The integer that n ' is 7-50, is preferably 10-30;

Ar ＇ is:

Described containing substituent C ₁-C ₂₀aromatic base and containing substituent C ₁-C ₂₀aromatic condensed ring base in, substituting group is selected from halogen, C ₁-C ₂₀alkyl and C ₁-C ₂₀alkoxyl group at least one;

X is S, O or N;

M and n is the integer of 0-5.

The method of polymkeric substance shown in the described formula III of preparation provided by the invention, comprise the steps: under inert atmosphere and catalyzer existent condition, after Suzuki polyreaction is carried out in compound shown in the aqueous solution of weak base, described formula I, two bromine substituent Br-Ar'-Br, phase-transfer catalyst mixing, after cooling and phenylo boric acid or 2-boric acid thiophene carry out Suzuki linked reaction after carry out Suzuki coupling end capping with bromobenzene or 2-bromo thiophene again, react complete and obtain polymkeric substance shown in described formula III;

In described Br-Ar'-Br, the definition of Ar' is identical with formula III.

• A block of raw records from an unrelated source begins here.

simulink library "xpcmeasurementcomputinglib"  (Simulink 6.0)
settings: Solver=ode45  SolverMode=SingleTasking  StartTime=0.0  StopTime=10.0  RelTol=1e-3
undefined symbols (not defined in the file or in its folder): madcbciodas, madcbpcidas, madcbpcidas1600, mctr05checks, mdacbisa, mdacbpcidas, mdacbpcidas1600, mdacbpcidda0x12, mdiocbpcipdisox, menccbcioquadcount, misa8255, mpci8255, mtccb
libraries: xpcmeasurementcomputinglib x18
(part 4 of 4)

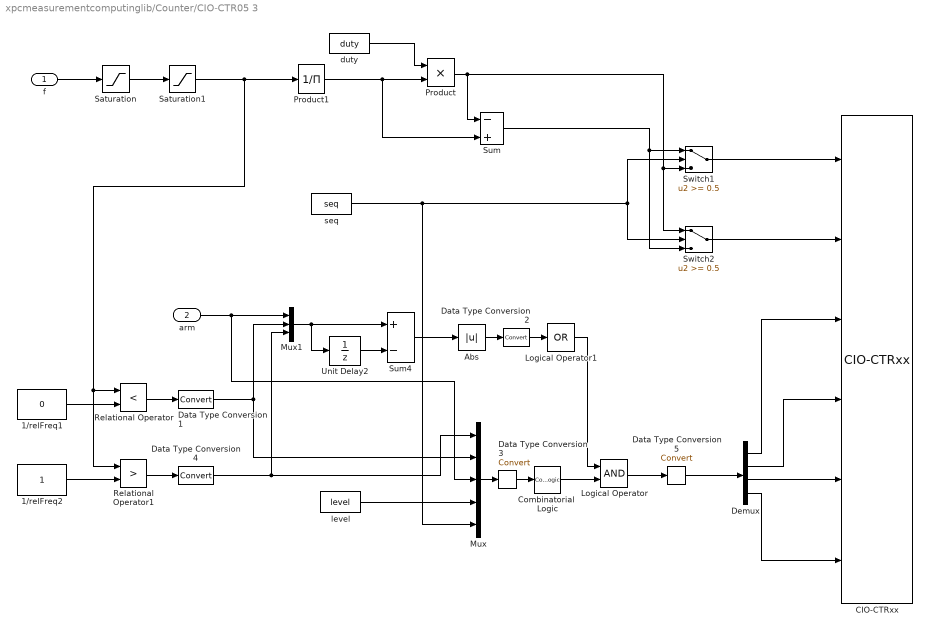
== system xpcmeasurementcomputinglib/Counter/CIO-CTR05 3 ==
  f : Inport  LatchInput=off
  arm : Inport  Port=2  LatchInput=off
  1/relFreq1 : Constant  Value=0
  1/relFreq2 : Constant
  Abs : Abs  SaturateOnIntegerOverflow=on
  "CIO-CTRxx " : xpcmeasurementcomputinglib/Counter/CIO-CTRxx   mastermode=MasterMode  countermode=CounterMode  init=Init  commands=Runtime  term=Term  ts=Ts  baseAddress=baseAddress
  Combinatorial  Logic : CombinatorialLogic  TruthTable=[0,0,1,0;0,0,1,0;0,0,0,1;0,0,0,1;0,1,0,0;1,0,0,0;0,1,0,0;1,0,0,0;0,0,1,0;0,0,1,0;0,0,0,1;0,0,0,1;0,0,1,0;0,0,1,0;0,0,1,0;0,0,1,0;0,0,1,0;0,0,1,0;0,0,0,1;0,0,0,1;0,0,0,1;0,0,0,1;0,0,0,1;0,0,0,1;0,0,0,0;0,0,0,0;0,0,0,0;0,0,0,0;0,0,0,0;0,0,0,0;0,0,0,0;0,0,0,0]
  Data Type Conversion1 : DataTypeConversion  OutDataTypeMode=double  SaturateOnIntegerOverflow=on  RndMeth=Zero
  Data Type Conversion2 : DataTypeConversion  SaturateOnIntegerOverflow=on  RndMeth=Zero
  Data Type Conversion3 : DataTypeConversion  SaturateOnIntegerOverflow=on  RndMeth=Zero
  Data Type Conversion4 : DataTypeConversion  OutDataTypeMode=double  SaturateOnIntegerOverflow=on  RndMeth=Zero
  Data Type Conversion5 : DataTypeConversion  SaturateOnIntegerOverflow=on  RndMeth=Zero
  Demux : Demux
  Logical Operator : Logic
  Logical Operator1 : Logic  Operator=OR  Inputs=1
  Mux : Mux  Inputs=5
  Mux1 : Mux  Inputs=3
  Product : Product  SaturateOnIntegerOverflow=on  InputSameDT=on
  Product1 : Product  Inputs=/  SaturateOnIntegerOverflow=on  InputSameDT=on
  Relational Operator : RelationalOperator  Operator=<  InputSameDT=on
  Relational Operator1 : RelationalOperator  Operator=>  InputSameDT=on
  Saturation : Saturate  UpperLimit=duty/2  LowerLimit=duty/(2^16-1)  ZeroCross=off
  Saturation1 : Saturate  UpperLimit=(1-duty)/2  LowerLimit=(1-duty)/(2^16-1)  ZeroCross=off
  Sum : Sum  Inputs=-+  SaturateOnIntegerOverflow=on  InputSameDT=on
  Sum4 : Sum  Inputs=+-  SaturateOnIntegerOverflow=on  InputSameDT=on
  Switch1 : Switch  Threshold=0.5  InputSameDT=on
  Switch2 : Switch  Threshold=0.5  InputSameDT=on
  Unit Delay2 : UnitDelay  X0=2  SampleTime=Ts
  duty : Constant  Value=duty
  level : Constant  Value=level
  seq : Constant  Value=seq
  wires:
  Data Type Conversion5/1 -> Demux/1
  Data Type Conversion3/1 -> Combinatorial  Logic/1
  Data Type Conversion2/1 -> Logical Operator1/1
  Data Type Conversion1/1 -> Mux1/2, Mux/2
  Data Type Conversion4/1 -> Mux1/3, Mux/1
  1/relFreq1/1 -> Relational Operator/2
  Product/1 -> Sum/1, Switch1/3, Switch2/1
  1/relFreq2/1 -> Relational Operator1/2
  Relational Operator1/1 -> Data Type Conversion4/1
  Relational Operator/1 -> Data Type Conversion1/1
  Combinatorial  Logic/1 -> Logical Operator/2
  Logical Operator/1 -> Data Type Conversion5/1
  Unit Delay2/1 -> Sum4/2
  Sum4/1 -> Abs/1
  Logical Operator1/1 -> Logical Operator/1
  Demux/1 -> "CIO-CTRxx "/3
  Demux/2 -> "CIO-CTRxx "/4
  Demux/3 -> "CIO-CTRxx "/5
  Demux/4 -> "CIO-CTRxx "/6
  level/1 -> Mux/4
  Switch1/1 -> "CIO-CTRxx "/1
  Switch2/1 -> "CIO-CTRxx "/2
  seq/1 -> Switch1/2, Switch2/2, Mux/5
  Sum/1 -> Switch1/1, Switch2/3
  Saturation/1 -> Saturation1/1
  f/1 -> Saturation/1
  Mux1/1 -> Sum4/1, Unit Delay2/1
  arm/1 -> Mux1/1, Mux/3
  Abs/1 -> Data Type Conversion2/1
  Mux/1 -> Data Type Conversion3/1
  Saturation1/1 -> Product1/1, Relational Operator1/1, Relational Operator/1
  duty/1 -> Product/1
  Product1/1 -> Product/2, Sum/2

== system xpcmeasurementcomputinglib/Counter/CIO-CTR05 4 ==
  "CIO-CTRxx " : xpcmeasurementcomputinglib/Counter/CIO-CTRxx   mastermode=MasterMode  countermode=CounterMode  init=Init  commands=Runtime  term=Term  ts=Ts  baseAddress=baseAddress
  Demux : Demux  Outputs=2
  Product : Product  Inputs=/  SaturateOnIntegerOverflow=on  InputSameDT=on
  Product1 : Product  Inputs=**  SaturateOnIntegerOverflow=on  InputSameDT=on
  f : Outport
  dc : Outport  Port=2
  wires:
  Product1/1 -> dc/1
  Product/1 -> Product1/2, f/1
  Demux/2 -> Product/1
  Demux/1 -> Product1/1
  "CIO-CTRxx "/1 -> Demux/1

== system xpcmeasurementcomputinglib/Counter/CIO-CTR05 5 ==
  "CIO-CTRxx " : xpcmeasurementcomputinglib/Counter/CIO-CTRxx   mastermode=MasterMode  countermode=CounterMode  init=Init  commands=Runtime  term=Term  ts=Ts  baseAddress=baseAddress
  Product : Product  Inputs=/  SaturateOnIntegerOverflow=on  InputSameDT=on
  f : Outport
  wires:
  Product/1 -> f/1
  "CIO-CTRxx "/1 -> Product/1

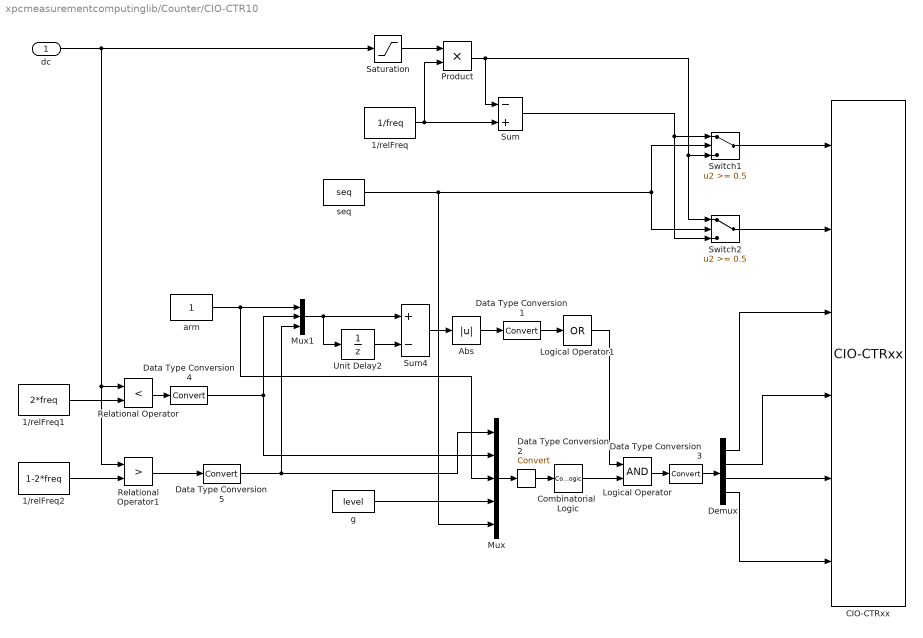
== system xpcmeasurementcomputinglib/Counter/CIO-CTR10  ==
  dc : Inport  LatchInput=off
  1/relFreq : Constant  Value=1/freq
  1/relFreq1 : Constant  Value=2*freq
  1/relFreq2 : Constant  Value=1-2*freq
  Abs : Abs  SaturateOnIntegerOverflow=on
  "CIO-CTRxx " : xpcmeasurementcomputinglib/Counter/CIO-CTRxx   mastermode=MasterMode  countermode=CounterMode  init=Init  commands=Runtime  term=Term  ts=Ts  baseAddress=baseAddress
  Combinatorial  Logic : CombinatorialLogic  TruthTable=[0,0,1,0;0,0,1,0;0,0,0,1;0,0,0,1;0,1,0,0;1,0,0,0;0,1,0,0;1,0,0,0;0,0,1,0;0,0,1,0;0,0,0,1;0,0,0,1;0,0,1,0;0,0,1,0;0,0,1,0;0,0,1,0;0,0,1,0;0,0,1,0;0,0,0,1;0,0,0,1;0,0,0,1;0,0,0,1;0,0,0,1;0,0,0,1;0,0,0,0;0,0,0,0;0,0,0,0;0,0,0,0;0,0,0,0;0,0,0,0;0,0,0,0;0,0,0,0]
  Data Type Conversion1 : DataTypeConversion  SaturateOnIntegerOverflow=on  RndMeth=Zero
  Data Type Conversion2 : DataTypeConversion  SaturateOnIntegerOverflow=on  RndMeth=Zero
  Data Type Conversion3 : DataTypeConversion  SaturateOnIntegerOverflow=on  RndMeth=Zero
  Data Type Conversion4 : DataTypeConversion  OutDataTypeMode=double  SaturateOnIntegerOverflow=on  RndMeth=Zero
  Data Type Conversion5 : DataTypeConversion  OutDataTypeMode=double  SaturateOnIntegerOverflow=on  RndMeth=Zero
  Demux : Demux
  Logical Operator : Logic
  Logical Operator1 : Logic  Operator=OR  Inputs=1
  Mux : Mux  Inputs=5
  Mux1 : Mux  Inputs=3
  Product : Product  SaturateOnIntegerOverflow=on  InputSameDT=on
  Relational Operator : RelationalOperator  Operator=<  InputSameDT=on
  Relational Operator1 : RelationalOperator  Operator=>  InputSameDT=on
  Saturation : Saturate  UpperLimit=1-2*freq  LowerLimit=2*freq  ZeroCross=off
  Sum : Sum  Inputs=-+  SaturateOnIntegerOverflow=on  InputSameDT=on
  Sum4 : Sum  Inputs=+-  SaturateOnIntegerOverflow=on  InputSameDT=on
  Switch1 : Switch  Threshold=0.5  InputSameDT=on
  Switch2 : Switch  Threshold=0.5  InputSameDT=on
  Unit Delay2 : UnitDelay  X0=2  SampleTime=Ts
  arm : Constant
  g : Constant  Value=level
  seq : Constant  Value=seq
  wires:
  Data Type Conversion5/1 -> Mux1/3, Mux/1
  Data Type Conversion4/1 -> Mux1/2, Mux/2
  Data Type Conversion3/1 -> Demux/1
  Data Type Conversion2/1 -> Combinatorial  Logic/1
  Data Type Conversion1/1 -> Logical Operator1/1
  1/relFreq1/1 -> Relational Operator/2
  1/relFreq/1 -> Product/2, Sum/2
  Product/1 -> Sum/1, Switch1/3, Switch2/1
  1/relFreq2/1 -> Relational Operator1/2
  Relational Operator1/1 -> Data Type Conversion5/1
  Relational Operator/1 -> Data Type Conversion4/1
  Combinatorial  Logic/1 -> Logical Operator/2
  Logical Operator/1 -> Data Type Conversion3/1
  Unit Delay2/1 -> Sum4/2
  Sum4/1 -> Abs/1
  Logical Operator1/1 -> Logical Operator/1
  Demux/1 -> "CIO-CTRxx "/3
  Demux/2 -> "CIO-CTRxx "/4
  Demux/3 -> "CIO-CTRxx "/5
  Demux/4 -> "CIO-CTRxx "/6
  g/1 -> Mux/4
  seq/1 -> Switch1/2, Switch2/2, Mux/5
  Sum/1 -> Switch1/1, Switch2/3
  Saturation/1 -> Product/1
  dc/1 -> Saturation/1, Relational Operator/1, Relational Operator1/1
  Mux1/1 -> Sum4/1, Unit Delay2/1
  arm/1 -> Mux1/1, Mux/3
  Abs/1 -> Data Type Conversion1/1
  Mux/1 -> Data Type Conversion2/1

Described phase-transfer catalyst is methyl tricapryl ammonium chloride Aliquit336, and structural formula is

Can be bought by his approach of open business and obtain;

Described couple of bromine substituent Br-Ar'-Br is specially

Described inert atmosphere is argon gas atmosphere or nitrogen atmosphere;

The concentration of the aqueous solution of described weak base is 0.5-3mol/L, preferred 2mol/L;

Described in described catalyzer, weak base, Aliquat336, two bromine substituent Br-Ar'-Br and formula I, the mass ratio of compound is 0.05-0.1:0.05-0.09:0.001-0.01:0.8-1.6:1, preferred 0.06:0.07:0.005:1.1:1;

In described Suzuki polymerization procedure, temperature is 80-130 DEG C, preferably 110 DEG C, and the time is 36-78 hour, preferably 72 hours;

Described Suzuki polyreaction is carried out in a solvent; Described solvent is selected from least one in toluene, tetrahydrofuran (THF) and DMF;

Described in described phenylo boric acid or 2-boric acid thiophene, bromobenzene or 2-bromo thiophene and claim 1, the mass ratio of compound is 0.002-0.05:0.002-0.05:1, is preferably 0.004:0.004:1;

In described Suzuki coupling end capping step, temperature is 80-130 DEG C, preferably 110 DEG C, and the time is 5-10 hour, preferably 6 hours;

In addition; the organic solar batteries of compound shown in the formula I provided containing the invention described above, formula II and formula III or organic field effect tube; the organic solar batteries being photoactive layer with compound shown in above-mentioned formula I provided by the invention, formula II and formula III or the organic field effect tube for charge transport layer; preparing the application in organic solar batteries or organic field effect tube; in the photoactive layer preparing organic solar batteries or the application prepared in the charge transport layer of organic field effect tube, also belong to protection scope of the present invention.

The present invention designs first, synthesized quinacridone derivative boric acid ester, by itself and common acceptor unit process, obtains small molecules and polymer application in organic solar batteries and field-effect transistor.Boric ester derivative provided by the invention is that the small molecules of monomer and polymer molecule planarity are good, in conventional organic solvent, solubleness is large, solution processable, film-forming properties is better, can be used as the photoactive layer material in organic solar batteries and the charge transport layer materials in organic field effect tube, the solar cell energy open circuit voltage of preparation is large, and transformation efficiency is higher, field-effect transistor mobility is high, air-stable.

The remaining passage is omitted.